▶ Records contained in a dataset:
------------------------------------------------
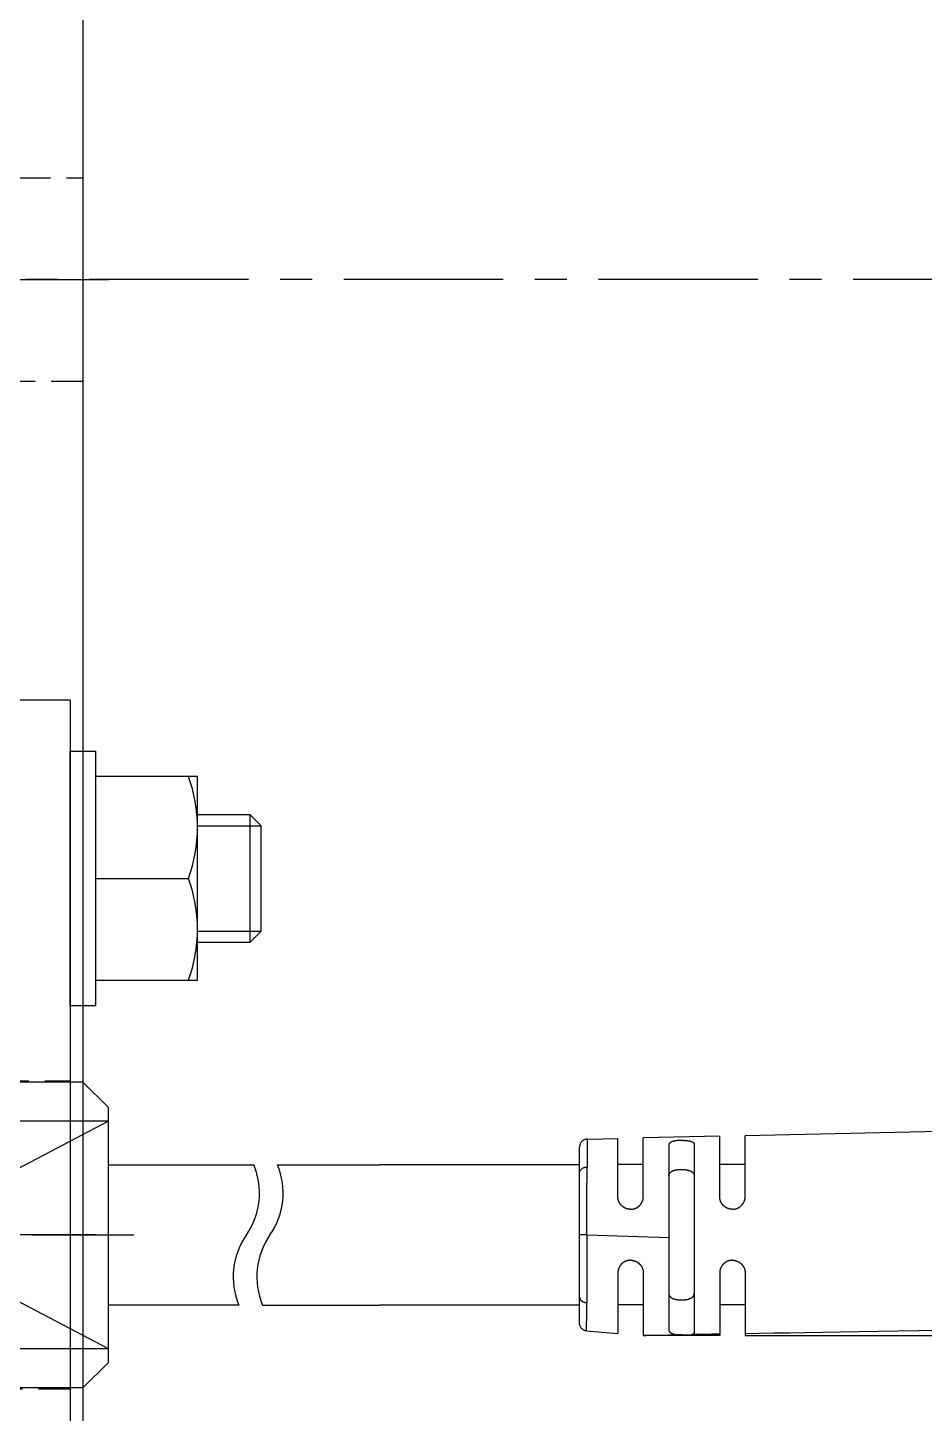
# Model space of a CAD drawing. Header units: inches. Extents: x 0 to 77285, y -118 to 40065.
# Drawn here: x 22046 to 22081.2, y 23136 to 23190.4 of the extents above; entities that cross this region are included whole.
import ezdxf

# ---------------------------------------------------------------- set-up
doc = ezdxf.new("R2010")
doc.units = ezdxf.units.IN
doc.header["$LTSCALE"] = 5
doc.header["$MEASUREMENT"] = 0
doc.linetypes.add('CENTER', pattern=[2, 1.25, -0.25, 0.25, -0.25])
doc.linetypes.add('HIDDEN', pattern=[0.375, 0.25, -0.125])
for name, color, linetype in [('11', 1, 'CENTER'), ('22', 2, 'HIDDEN'), ('4', 4, 'Continuous'), ('55', 5, 'Continuous'), ('G', 231, 'Continuous'), ('T', 3, 'Continuous')]:
    doc.layers.add(name, color=color, linetype=linetype)

# ---------------------------------------------------------------- blocks, each defined once
blk = doc.blocks.new('A$C42c8eb8e')
for p, q in [((-17, 5), (-16, 6)), ((-16, 6), (0, 6)), ((-17, 5), (-17, -5)), ((-17, 4.472), (0, 4.472)), ((-17, -4.472), (0, 4.472)), ((-17, 4.472), (0, -4.472)), ((-42.004, 3.942), (-63.504, 3.942)), ((-42.004, 1.491), (-42.004, 3.942)), ((-41.004, 1.491), (-41.004, 3.942)), ((-41.004, 3.942), (-38.004, 3.942)), ((-40.004, -3.562), (-40.004, 3.817)), ((-38.004, 1.491), (-38.004, 3.942)), ((-35.78, 3.764), (-37.004, 3.864)), ((-37.004, 1.491), (-37.004, 3.864)), ((-39.004, -3.536), (-39.004, 3.731)), ((-35.504, 3.465), (-35.504, -3.465)), ((-42.004, 2.738), (-41.004, 2.738)), ((-38.004, 2.738), (-37.004, 2.738)), ((-35.504, 2.75), (-27.642, 2.75)), ((-23.056, 2.75), (-27.642, 2.75)), ((-22.128, 2.75), (-17, 2.75)), ((-35.789, 0), (-39.004, 0.097)), ((-35.789, 0), (-35.504, 0)), ((-42.004, -1.509), (-42.004, -3.898)), ((-41.004, -1.509), (-41.004, -3.877)), ((-38.004, -1.509), (-38.004, -3.812)), ((-37.004, -1.509), (-37.004, -3.791)), ((-35.798, -3.765), (-35.795, -2.667)), ((-42.004, -2.762), (-41.004, -2.762)), ((-38.004, -2.762), (-37.004, -2.762)), ((-35.504, -2.75), (-27.642, -2.75)), ((-23.636, -2.75), (-27.642, -2.75)), ((-17, -2.75), (-22.708, -2.75)), ((-35.798, -3.765), (-37.004, -3.791)), ((-63.504, -4.361), (-42.004, -3.898)), ((-41.004, -3.877), (-38.004, -3.812)), ((-17, -4.472), (0, -4.472)), ((-17, -5), (-16, -6)), ((-16, -6), (0, -6))]:
    blk.add_line(p, q)
for points in [[(-58.336, 3.612), (-57.278, 3.63), (-56.243, 3.647), (-55.23, 3.663), (-54.241, 3.68), (-53.275, 3.696), (-52.334, 3.711), (-51.418, 3.726), (-50.527, 3.741), (-49.662, 3.755), (-48.823, 3.768), (-48.011, 3.781), (-47.227, 3.794), (-46.47, 3.806), (-45.743, 3.818), (-45.044, 3.829), (-44.375, 3.84), (-43.736, 3.85), (-43.127, 3.86), (-42.55, 3.869), (-42.004, 3.878)], [(-41.004, 3.894), (-40.95, 3.895), (-40.895, 3.896), (-40.841, 3.897), (-40.786, 3.897), (-40.732, 3.898), (-40.677, 3.899), (-40.623, 3.9), (-40.568, 3.901), (-40.514, 3.902), (-40.46, 3.903), (-40.406, 3.904), (-40.352, 3.904), (-40.297, 3.905), (-40.243, 3.906), (-40.189, 3.907), (-40.135, 3.908), (-40.081, 3.909), (-40.028, 3.91), (-39.974, 3.91), (-39.92, 3.911)], [(-40.004, 3.817), (-40.004, 3.819), (-40.004, 3.821), (-40.004, 3.823), (-40.004, 3.825), (-40.004, 3.826), (-40.003, 3.828), (-40.003, 3.83), (-40.003, 3.832), (-40.002, 3.834), (-40.002, 3.835), (-40.002, 3.837), (-40.001, 3.839), (-40.001, 3.841), (-40, 3.842), (-39.999, 3.844), (-39.999, 3.846), (-39.998, 3.847), (-39.997, 3.849), (-39.997, 3.851), (-39.996, 3.852), (-39.995, 3.855), (-39.993, 3.857), (-39.992, 3.859), (-39.991, 3.861), (-39.989, 3.863), (-39.987, 3.865), (-39.986, 3.868), (-39.984, 3.87), (-39.982, 3.872), (-39.98, 3.874), (-39.978, 3.876), (-39.976, 3.878), (-39.974, 3.88), (-39.972, 3.882), (-39.97, 3.884), (-39.967, 3.885), (-39.965, 3.887), (-39.962, 3.889), (-39.96, 3.891), (-39.957, 3.893), (-39.955, 3.894), (-39.954, 3.895), (-39.952, 3.896), (-39.95, 3.897), (-39.949, 3.898), (-39.947, 3.899), (-39.945, 3.9), (-39.943, 3.901), (-39.942, 3.901), (-39.94, 3.902), (-39.938, 3.903), (-39.936, 3.904), (-39.934, 3.905), (-39.932, 3.906), (-39.93, 3.907), (-39.928, 3.908), (-39.926, 3.909), (-39.924, 3.91), (-39.922, 3.91), (-39.92, 3.911)], [(-39.504, 3.922), (-39.531, 3.922), (-39.558, 3.921), (-39.585, 3.921), (-39.61, 3.921), (-39.635, 3.921), (-39.659, 3.921), (-39.683, 3.92), (-39.706, 3.92), (-39.728, 3.919), (-39.75, 3.919), (-39.771, 3.918), (-39.791, 3.918), (-39.81, 3.917), (-39.828, 3.916), (-39.846, 3.916), (-39.862, 3.915), (-39.878, 3.914), (-39.893, 3.913), (-39.907, 3.912), (-39.92, 3.911)], [(-39.504, 3.922), (-39.495, 3.922), (-39.485, 3.922), (-39.476, 3.922), (-39.467, 3.921), (-39.458, 3.921), (-39.449, 3.921), (-39.441, 3.921), (-39.432, 3.921), (-39.424, 3.921), (-39.415, 3.921), (-39.407, 3.921), (-39.4, 3.921), (-39.392, 3.921), (-39.384, 3.921), (-39.377, 3.921), (-39.369, 3.921), (-39.362, 3.921), (-39.355, 3.921), (-39.349, 3.921), (-39.342, 3.92)], [(-38.004, 3.942), (-38.03, 3.941), (-38.062, 3.941), (-38.099, 3.94), (-38.14, 3.939), (-38.186, 3.939), (-38.237, 3.938), (-38.292, 3.937), (-38.352, 3.936), (-38.415, 3.935), (-38.483, 3.934), (-38.554, 3.933), (-38.629, 3.932), (-38.708, 3.93), (-38.79, 3.929), (-38.875, 3.928), (-38.963, 3.926), (-39.054, 3.925), (-39.147, 3.923), (-39.244, 3.922), (-39.342, 3.92)], [(-39.004, 3.731), (-39.004, 3.732), (-39.004, 3.733), (-39.004, 3.734), (-39.004, 3.735), (-39.004, 3.736), (-39.004, 3.737), (-39.004, 3.738), (-39.004, 3.739), (-39.005, 3.74), (-39.005, 3.741), (-39.005, 3.742), (-39.005, 3.742), (-39.005, 3.743), (-39.005, 3.744), (-39.005, 3.745), (-39.005, 3.746), (-39.006, 3.747), (-39.006, 3.748), (-39.006, 3.749), (-39.006, 3.75), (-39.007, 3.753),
------------------------------------------------
▶ What is expected: From the entries above, give again exactly the lines running from the line with "doc.layers.add(name, color=color, linetype=linetype)" to the line with "blk.add_line(p, q)"; include both of those lines.

▶ Response for this exercise:
    doc.layers.add(name, color=color, linetype=linetype)

# ---------------------------------------------------------------- blocks, each defined once
blk = doc.blocks.new('A$C42c8eb8e')
for p, q in [((-17, 5), (-16, 6)), ((-16, 6), (0, 6)), ((-17, 5), (-17, -5)), ((-17, 4.472), (0, 4.472)), ((-17, -4.472), (0, 4.472)), ((-17, 4.472), (0, -4.472)), ((-42.004, 3.942), (-63.504, 3.942)), ((-42.004, 1.491), (-42.004, 3.942)), ((-41.004, 1.491), (-41.004, 3.942)), ((-41.004, 3.942), (-38.004, 3.942)), ((-40.004, -3.562), (-40.004, 3.817)), ((-38.004, 1.491), (-38.004, 3.942)), ((-35.78, 3.764), (-37.004, 3.864)), ((-37.004, 1.491), (-37.004, 3.864)), ((-39.004, -3.536), (-39.004, 3.731)), ((-35.504, 3.465), (-35.504, -3.465)), ((-42.004, 2.738), (-41.004, 2.738)), ((-38.004, 2.738), (-37.004, 2.738)), ((-35.504, 2.75), (-27.642, 2.75)), ((-23.056, 2.75), (-27.642, 2.75)), ((-22.128, 2.75), (-17, 2.75)), ((-35.789, 0), (-39.004, 0.097)), ((-35.789, 0), (-35.504, 0)), ((-42.004, -1.509), (-42.004, -3.898)), ((-41.004, -1.509), (-41.004, -3.877)), ((-38.004, -1.509), (-38.004, -3.812)), ((-37.004, -1.509), (-37.004, -3.791)), ((-35.798, -3.765), (-35.795, -2.667)), ((-42.004, -2.762), (-41.004, -2.762)), ((-38.004, -2.762), (-37.004, -2.762)), ((-35.504, -2.75), (-27.642, -2.75)), ((-23.636, -2.75), (-27.642, -2.75)), ((-17, -2.75), (-22.708, -2.75)), ((-35.798, -3.765), (-37.004, -3.791)), ((-63.504, -4.361), (-42.004, -3.898)), ((-41.004, -3.877), (-38.004, -3.812)), ((-17, -4.472), (0, -4.472)), ((-17, -5), (-16, -6)), ((-16, -6), (0, -6))]:
    blk.add_line(p, q)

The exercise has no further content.